RECORD EXCERPTS -
════

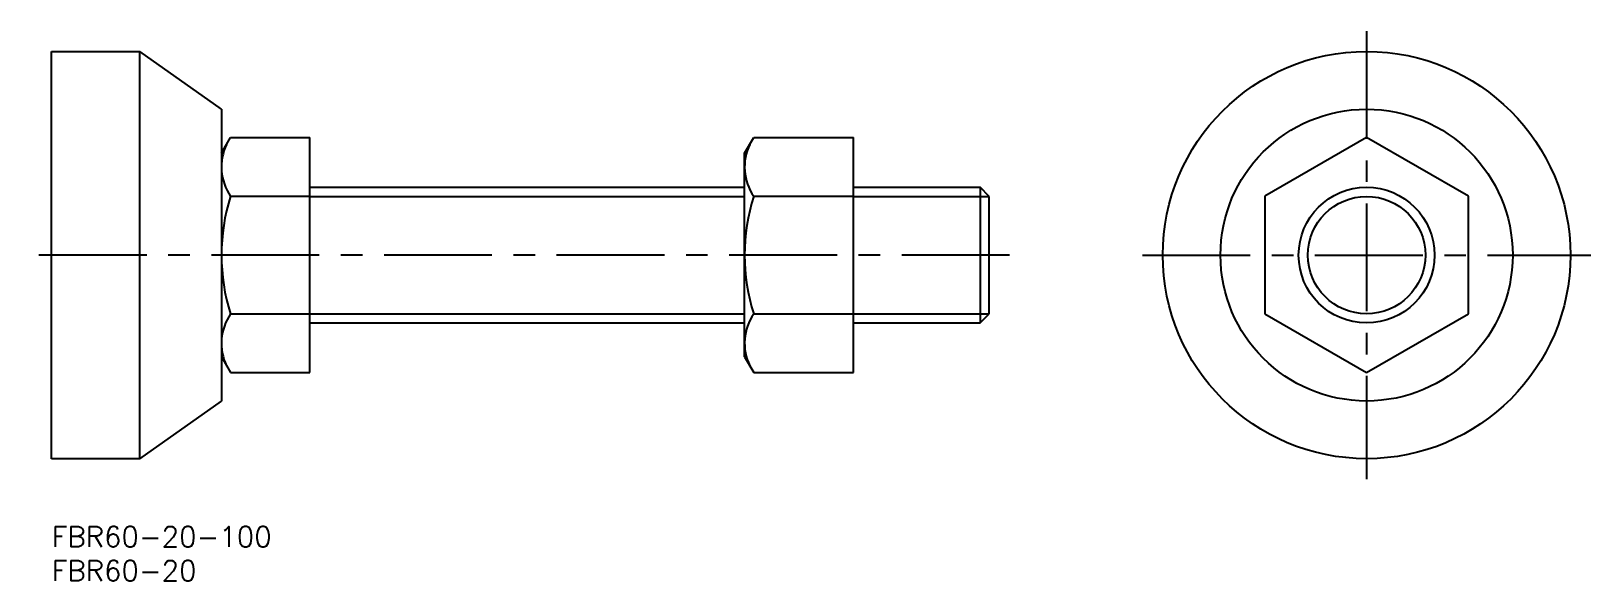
# Model space of a CAD drawing. Extents: x -3 to 227, y -8 to 73.
import ezdxf

# ---------------------------------------------------------------- set-up
doc = ezdxf.new("R2010")
doc.units = 0
doc.header["$LTSCALE"] = 0.5
doc.linetypes.add('CENTER', pattern=[50.8, 31.75, -6.35, 6.35, -6.35])
for name, color, linetype in [('MSM_CENTER', 1, 'CENTER'), ('MSM_CONTINUOUS', 7, 'CONTINUOUS'), ('MSM_NARROW', 5, 'CONTINUOUS'), ('MSM_PART_NUMBER', 7, 'CONTINUOUS')]:
    doc.layers.add(name, color=color, linetype=linetype)
doc.styles.get("Standard").update_dxf_attribs({"font": 'txt.shx', "height": 3, "bigfont": 'bigfont.shx'})

# ---------------------------------------------------------------- blocks, each defined once
blk = doc.blocks.new('*U2')
at = {"layer": 'MSM_PART_NUMBER'}
blk.add_text('FBR60-20-100', height=3, dxfattribs=at).set_placement((0, -3))
blk = doc.blocks.new('*U3')
at = {"layer": 'MSM_PART_NUMBER'}
blk.add_text('FBR60-20', height=3, dxfattribs=at).set_placement((0, -8))

msp = doc.modelspace()

# ---------------------------------------------------------------- linework, layer by layer
at = {"layer": 'MSM_CENTER'}
for p, q in [((193.54, 73), (193.54, 7)), ((141, 40), (-3, 40)), ((160.54, 40), (226.54, 40))]:
    msp.add_line(p, q, dxfattribs=at)
at = {"layer": 'MSM_CONTINUOUS'}
for p, q in [((0, 10), (0, 70)), ((0, 70), (13, 70)), ((13, 10), (13, 70)), ((25, 61.5), (13, 70)), ((25, 61.5), (25, 18.5)), ((25, 55), (26.34, 57.32)), ((26.34, 57.32), (38, 57.32)), ((38, 22.68), (38, 57.32)), ((102, 55), (103.34, 57.32)), ((103.34, 57.32), (118, 57.32)), ((118, 22.68), (118, 57.32)), ((193.54, 57.32), (178.54, 48.66)), ((208.54, 48.66), (193.54, 57.32)), ((102, 25), (102, 55)), ((26.34, 48.66), (38, 48.66)), ((38, 50), (102, 50)), ((103.34, 48.66), (118, 48.66)), ((118, 50), (136.65, 50)), ((138, 48.65), (136.65, 50)), ((136.65, 50), (136.65, 30)), ((138, 31.35), (138, 48.65)), ((178.54, 48.66), (178.54, 31.34)), ((208.54, 31.34), (208.54, 48.66)), ((26.34, 31.34), (38, 31.34)), ((38, 30), (102, 30)), ((103.34, 31.34), (118, 31.34)), ((118, 30), (136.65, 30)), ((136.65, 30), (138, 31.35)), ((178.54, 31.34), (193.54, 22.68)), ((193.54, 22.68), (208.54, 31.34)), ((25, 25), (26.34, 22.68)), ((102, 25), (103.34, 22.68)), ((26.34, 22.68), (38, 22.68)), ((103.34, 22.68), (118, 22.68)), ((13, 10), (25, 18.5)), ((13, 10), (0, 10))]:
    msp.add_line(p, q, dxfattribs=at)
for radius in [30, 21.5, 10]:
    msp.add_circle((193.54, 40), radius, dxfattribs=at)
for centre, radius, start, end in [((32.67, 52.99), 7.67, 154.3843, 214.3843), ((109.67, 52.99), 7.67, 154.3843, 214.3843), ((53.66, 40), 28.66, 162.412, 197.588), ((130.66, 40), 28.66, 162.412, 197.588), ((32.67, 27.01), 7.67, 145.6157, 205.6157), ((109.67, 27.01), 7.67, 145.6157, 205.6157)]:
    msp.add_arc(centre, radius, start, end, dxfattribs=at)
at = {"layer": 'MSM_NARROW'}
for p, q in [((38, 48.65), (102, 48.65)), ((118, 48.65), (138, 48.65)), ((38, 31.35), (102, 31.35)), ((118, 31.35), (138, 31.35))]:
    msp.add_line(p, q, dxfattribs=at)
msp.add_circle((193.54, 40), 8.65, dxfattribs=at)

# ---------------------------------------------------------------- block references
at = {"layer": 'MSM_CONTINUOUS'}
for name in ['*U2', '*U3']:
    msp.add_blockref(name, (0, 0), dxfattribs=at)

doc.saveas('drawing.dxf')

════

TASK INSTRUCTIONS -
All of the data above is to be repeated exactly, with the pictures left out.

ANSWER AREA -
# Model space of a CAD drawing. Extents: x -3 to 227, y -8 to 73.
import ezdxf

# ---------------------------------------------------------------- set-up
doc = ezdxf.new("R2010")
doc.units = 0
doc.header["$LTSCALE"] = 0.5
doc.linetypes.add('CENTER', pattern=[50.8, 31.75, -6.35, 6.35, -6.35])
for name, color, linetype in [('MSM_CENTER', 1, 'CENTER'), ('MSM_CONTINUOUS', 7, 'CONTINUOUS'), ('MSM_NARROW', 5, 'CONTINUOUS'), ('MSM_PART_NUMBER', 7, 'CONTINUOUS')]:
    doc.layers.add(name, color=color, linetype=linetype)
doc.styles.get("Standard").update_dxf_attribs({"font": 'txt.shx', "height": 3, "bigfont": 'bigfont.shx'})

# ---------------------------------------------------------------- blocks, each defined once
blk = doc.blocks.new('*U2')
at = {"layer": 'MSM_PART_NUMBER'}
blk.add_text('FBR60-20-100', height=3, dxfattribs=at).set_placement((0, -3))
blk = doc.blocks.new('*U3')
at = {"layer": 'MSM_PART_NUMBER'}
blk.add_text('FBR60-20', height=3, dxfattribs=at).set_placement((0, -8))

msp = doc.modelspace()

# ---------------------------------------------------------------- linework, layer by layer
at = {"layer": 'MSM_CENTER'}
for p, q in [((193.54, 73), (193.54, 7)), ((141, 40), (-3, 40)), ((160.54, 40), (226.54, 40))]:
    msp.add_line(p, q, dxfattribs=at)
at = {"layer": 'MSM_CONTINUOUS'}
for p, q in [((0, 10), (0, 70)), ((0, 70), (13, 70)), ((13, 10), (13, 70)), ((25, 61.5), (13, 70)), ((25, 61.5), (25, 18.5)), ((25, 55), (26.34, 57.32)), ((26.34, 57.32), (38, 57.32)), ((38, 22.68), (38, 57.32)), ((102, 55), (103.34, 57.32)), ((103.34, 57.32), (118, 57.32)), ((118, 22.68), (118, 57.32)), ((193.54, 57.32), (178.54, 48.66)), ((208.54, 48.66), (193.54, 57.32)), ((102, 25), (102, 55)), ((26.34, 48.66), (38, 48.66)), ((38, 50), (102, 50)), ((103.34, 48.66), (118, 48.66)), ((118, 50), (136.65, 50)), ((138, 48.65), (136.65, 50)), ((136.65, 50), (136.65, 30)), ((138, 31.35), (138, 48.65)), ((178.54, 48.66), (178.54, 31.34)), ((208.54, 31.34), (208.54, 48.66)), ((26.34, 31.34), (38, 31.34)), ((38, 30), (102, 30)), ((103.34, 31.34), (118, 31.34)), ((118, 30), (136.65, 30)), ((136.65, 30), (138, 31.35)), ((178.54, 31.34), (193.54, 22.68)), ((193.54, 22.68), (208.54, 31.34)), ((25, 25), (26.34, 22.68)), ((102, 25), (103.34, 22.68)), ((26.34, 22.68), (38, 22.68)), ((103.34, 22.68), (118, 22.68)), ((13, 10), (25, 18.5)), ((13, 10), (0, 10))]:
    msp.add_line(p, q, dxfattribs=at)
for radius in [30, 21.5, 10]:
    msp.add_circle((193.54, 40), radius, dxfattribs=at)
for centre, radius, start, end in [((32.67, 52.99), 7.67, 154.3843, 214.3843), ((109.67, 52.99), 7.67, 154.3843, 214.3843), ((53.66, 40), 28.66, 162.412, 197.588), ((130.66, 40), 28.66, 162.412, 197.588), ((32.67, 27.01), 7.67, 145.6157, 205.6157), ((109.67, 27.01), 7.67, 145.6157, 205.6157)]:
    msp.add_arc(centre, radius, start, end, dxfattribs=at)
at = {"layer": 'MSM_NARROW'}
for p, q in [((38, 48.65), (102, 48.65)), ((118, 48.65), (138, 48.65)), ((38, 31.35), (102, 31.35)), ((118, 31.35), (138, 31.35))]:
    msp.add_line(p, q, dxfattribs=at)
msp.add_circle((193.54, 40), 8.65, dxfattribs=at)

# ---------------------------------------------------------------- block references
at = {"layer": 'MSM_CONTINUOUS'}
for name in ['*U2', '*U3']:
    msp.add_blockref(name, (0, 0), dxfattribs=at)

doc.saveas('drawing.dxf')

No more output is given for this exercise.